Fear Not: Evangelical Churches and the Humanities

West Shore

Chris Gehrz has struck again.  Earlier today we called your attention to his post on the declining number of humanities students at Christian colleges.

This afternoon Chris is back with some suggestions about why the humanities are in decline at Christian colleges.  His answer can be boiled down to one word: “fear.”

Chris makes two important suggestions::

  1. “If it’s true that Christian college students are deciding against humanities majors because they come to our campuses averse to risk and prioritizing economic security, then the evangelical church is doing a terrible job of forming its young people.”

  2. “Could it be that Christian college students are deciding against humanities majors because they come from churches that leave them suspicious of such studies?”

On the first point, Chris writes:

So I get it: If you’re an 18-year old looking to mitigate risk as you edge into an uncertain economy, you’re going to think twice about majoring in a field whose professors can’t honestly guarantee an easy college-to-career path. One of my first-year students said as much to me last week. He loves history (and even has parents telling him to major in something he loves), doesn’t love the sciences, but is leaning towards doing a pre-professional track in health care because “I just don’t know for sure what I would do with a History major.” (And this after reading several interviews we’ve done with very successful alumni whose careers aren’t past-related at all.)

And this:

I don’t want to suggest that recklessness is a Christian virtue. But faith and hope certainly are. And fear certainly isn’t. If our churches are raising up a generation to crave a security defined in terms of material affluence, physical comfort, and economic stability, then the problems with evangelicalism run even deeper than I thought.

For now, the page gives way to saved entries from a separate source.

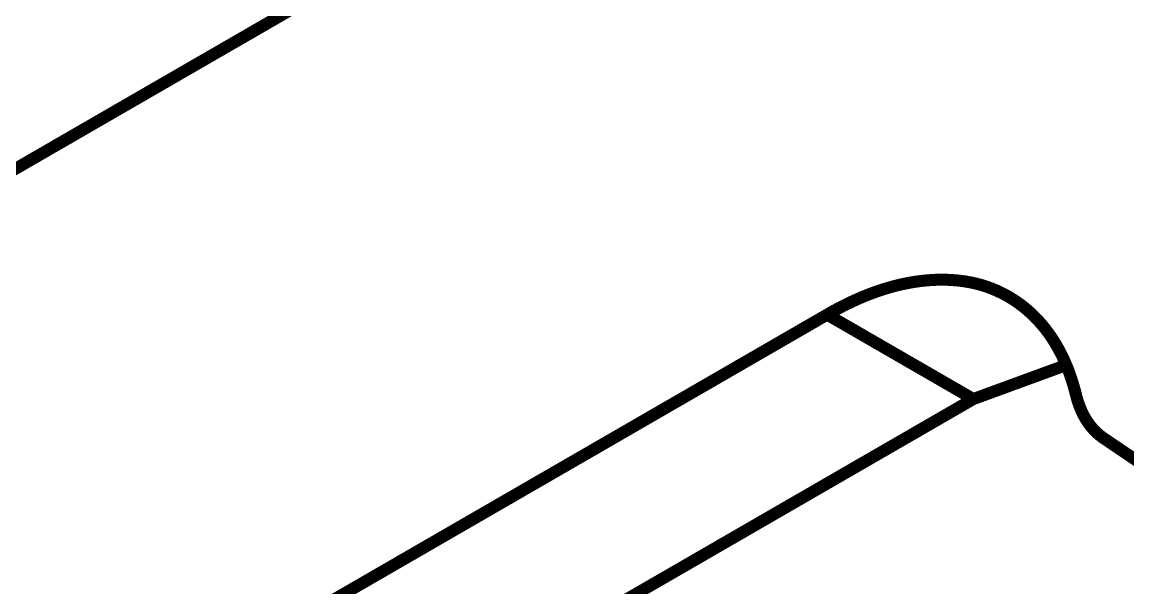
# Model space of a CAD drawing. Header units: millimetres. Extents: x 178 to 562, y 241 to 450.
# Drawn here: x 544.953 to 549.553, y 335.924 to 338.276 of the extents above; entities that cross this region are included whole.
import ezdxf

# ---------------------------------------------------------------- set-up
doc = ezdxf.new("R2010")
doc.units = ezdxf.units.MM
doc.layers.add('Mechanical1', color=6, linetype='Continuous')

msp = doc.modelspace()

# ---------------------------------------------------------------- linework, layer by layer
at = {"layer": 'Mechanical1', "const_width": 0.05}
for points in [[(541.208, 335.5206), (549.3397, 340.2149)], [(548.5971, 337.1827), (548.6052, 337.1846)], [(548.6052, 337.1846), (548.6132, 337.1864)], [(548.6132, 337.1864), (548.6212, 337.1881)], [(548.6212, 337.1881), (548.6293, 337.1898)], [(548.6293, 337.1898), (548.6373, 337.1914)], [(548.6373, 337.1914), (548.6467, 337.1931)], [(548.6467, 337.1931), (548.656, 337.1947)], [(548.656, 337.1947), (548.6654, 337.1963)], [(548.6654, 337.1963), (548.6747, 337.1976)], [(548.6747, 337.1976), (548.684, 337.1989)], [(548.684, 337.1989), (548.692, 337.1999)], [(548.692, 337.1999), (548.7, 337.2009)], [(548.7, 337.2009), (548.708, 337.2017)], [(548.708, 337.2017), (548.7159, 337.2024)], [(548.7159, 337.2024), (548.7239, 337.2031)], [(548.7239, 337.2031), (548.7318, 337.2037)], [(548.7318, 337.2037), (548.7397, 337.2042)], [(548.7397, 337.2042), (548.7476, 337.2046)], [(548.7476, 337.2046), (548.7555, 337.2049)], [(548.7555, 337.2049), (548.762, 337.2051)], [(548.762, 337.2051), (548.7686, 337.2052)], [(548.7686, 337.2052), (548.7751, 337.2053)], [(548.7751, 337.2053), (548.7816, 337.2053)], [(548.7816, 337.2053), (548.7881, 337.2053)], [(548.7881, 337.2053), (548.7946, 337.2051)], [(548.7946, 337.2051), (548.801, 337.205)], [(548.801, 337.205), (548.8075, 337.2047)], [(548.8075, 337.2047), (548.8139, 337.2044)], [(548.8139, 337.2044), (548.8203, 337.2041)], [(548.8203, 337.2041), (548.8267, 337.2036)], [(548.8267, 337.2036), (548.8331, 337.2031)], [(548.8331, 337.2031), (548.8394, 337.2026)], [(548.8394, 337.2026), (548.8457, 337.202)], [(548.8457, 337.202), (548.852, 337.2013)], [(548.852, 337.2013), (548.8583, 337.2005)], [(548.8583, 337.2005), (548.8646, 337.1997)], [(548.8646, 337.1997), (548.8708, 337.1989)], [(548.8708, 337.1989), (548.8771, 337.1979)], [(548.8771, 337.1979), (548.8832, 337.1969)], [(548.8832, 337.1969), (548.8894, 337.1958)], [(548.8894, 337.1958), (548.8955, 337.1947)], [(548.8955, 337.1947), (548.9017, 337.1935)], [(548.9017, 337.1935), (548.9077, 337.1922)], [(548.9077, 337.1922), (548.9138, 337.1909)], [(548.9138, 337.1909), (548.9198, 337.1895)], [(548.9198, 337.1895), (548.9258, 337.188)], [(548.9258, 337.188), (548.9318, 337.1865)], [(548.9318, 337.1865), (548.9377, 337.1849)], [(548.9377, 337.1849), (548.9437, 337.1832)], [(548.4559, 337.1364), (548.4613, 337.1386)], [(548.4613, 337.1386), (548.4667, 337.1408)], [(548.4667, 337.1408), (548.4734, 337.1434)], [(548.4734, 337.1434), (548.4802, 337.146)], [(548.4802, 337.146), (548.4869, 337.1486)], [(548.4869, 337.1486), (548.4937, 337.1511)], [(548.4937, 337.1511), (548.5004, 337.1535)], [(548.5004, 337.1535), (548.5071, 337.1559)], [(548.5071, 337.1559), (548.5139, 337.1583)], [(548.5139, 337.1583), (548.5206, 337.1606)], [(548.5206, 337.1606), (548.5273, 337.1628)], [(548.5273, 337.1628), (548.534, 337.165)], [(548.534, 337.165), (548.5408, 337.1671)], [(548.5408, 337.1671), (548.5475, 337.1691)], [(548.5475, 337.1691), (548.5542, 337.1711)], [(548.5542, 337.1711), (548.5609, 337.1731)], [(548.5609, 337.1731), (548.5676, 337.175)], [(548.5676, 337.175), (548.5743, 337.1768)], [(548.5743, 337.1768), (548.581, 337.1786)], [(548.581, 337.1786), (548.5891, 337.1807)], [(548.5891, 337.1807), (548.5971, 337.1827)], [(548.9437, 337.1832), (548.9495, 337.1815)], [(548.9495, 337.1815), (548.9554, 337.1797)], [(548.3582, 337.0909), (548.3636, 337.0937)], [(548.3636, 337.0937), (548.3691, 337.0965)], [(548.3691, 337.0965), (548.3745, 337.0992)], [(548.3745, 337.0992), (548.38, 337.102)], [(548.38, 337.102), (548.3854, 337.1046)], [(548.3854, 337.1046), (548.3908, 337.1073)], [(548.3908, 337.1073), (548.3963, 337.1099)], [(548.3963, 337.1099), (548.4017, 337.1125)], [(548.4017, 337.1125), (548.4071, 337.115)], [(548.4071, 337.115), (548.4125, 337.1175)], [(548.4125, 337.1175), (548.418, 337.12)], [(548.418, 337.12), (548.4234, 337.1224)], [(548.4234, 337.1224), (548.4288, 337.1249)], [(548.4288, 337.1249), (548.4342, 337.1272)], [(548.4342, 337.1272), (548.4396, 337.1296)], [(548.4396, 337.1296), (548.445, 337.1319)], [(548.445, 337.1319), (548.4505, 337.1341)], [(548.4505, 337.1341), (548.4559, 337.1364)], [(546.1825, 335.8365), (548.3022, 337.0602)], [(548.3022, 337.0602), (548.309, 337.0641)], [(548.3022, 337.0602), (548.9103, 336.7092)], [(548.309, 337.0641), (548.3145, 337.0673)], [(548.3145, 337.0673), (548.32, 337.0703)], [(548.32, 337.0703), (548.3255, 337.0734)], [(548.3255, 337.0734), (548.3309, 337.0764)], [(548.3309, 337.0764), (548.3364, 337.0793)], [(548.3364, 337.0793), (548.3418, 337.0823)], [(548.3418, 337.0823), (548.3473, 337.0852)], [(548.3473, 337.0852), (548.3527, 337.0881)], [(548.3527, 337.0881), (548.3582, 337.0909)], [(549.2201, 336.9872), (549.2258, 336.9794)], [(549.2258, 336.9794), (549.2314, 336.9714)], [(549.2314, 336.9714), (549.2362, 336.9644)], [(549.2362, 336.9644), (549.2409, 336.9573)], [(549.2409, 336.9573), (549.2455, 336.9501)], [(549.2455, 336.9501), (549.2493, 336.9439)], [(549.2493, 336.9439), (549.2531, 336.9376)], [(549.2531, 336.9376), (549.2569, 336.9312)], [(549.2569, 336.9312), (549.2606, 336.9248)], [(549.2606, 336.9248), (549.2636, 336.9194)], [(549.2636, 336.9194), (549.2666, 336.914)], [(549.2666, 336.914), (549.2695, 336.9085)], [(549.2695, 336.9085), (549.2724, 336.903)], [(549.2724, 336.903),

On the second point, Chris writes:

Let’s say John Fea is right (I’m pretty sure he is) that the humanities are some of the key “disciplines that teach evangelical young people how to live together with their deepest differences, reflect on the purpose of life, think critically about the world, cultivate moral courage, make evidence-based arguments, and recognize that life does not always fit easily into binary categories.”Do evangelical churches actually want their young people to learn these things?

John claims (again, correctly) that the humanities “raise the kinds of questions that go to the heart of a Christian education.” Do evangelical churches want their youth asking these kinds of questions? Do they want the next generation to “see the world from the perspective of others,” to learn “humility as we ponder our place in the expanse of human history… to understand the common good and to serve it”? Do they want “informed citizens”?

3 thoughts on “Fear Not: Evangelical Churches and the Humanities

  1. We would have to compare the dropoff in liberal arts majors at ‘evangelical’ schools to the American university system as a whole to blame the Scandal of the Evangelical Mind.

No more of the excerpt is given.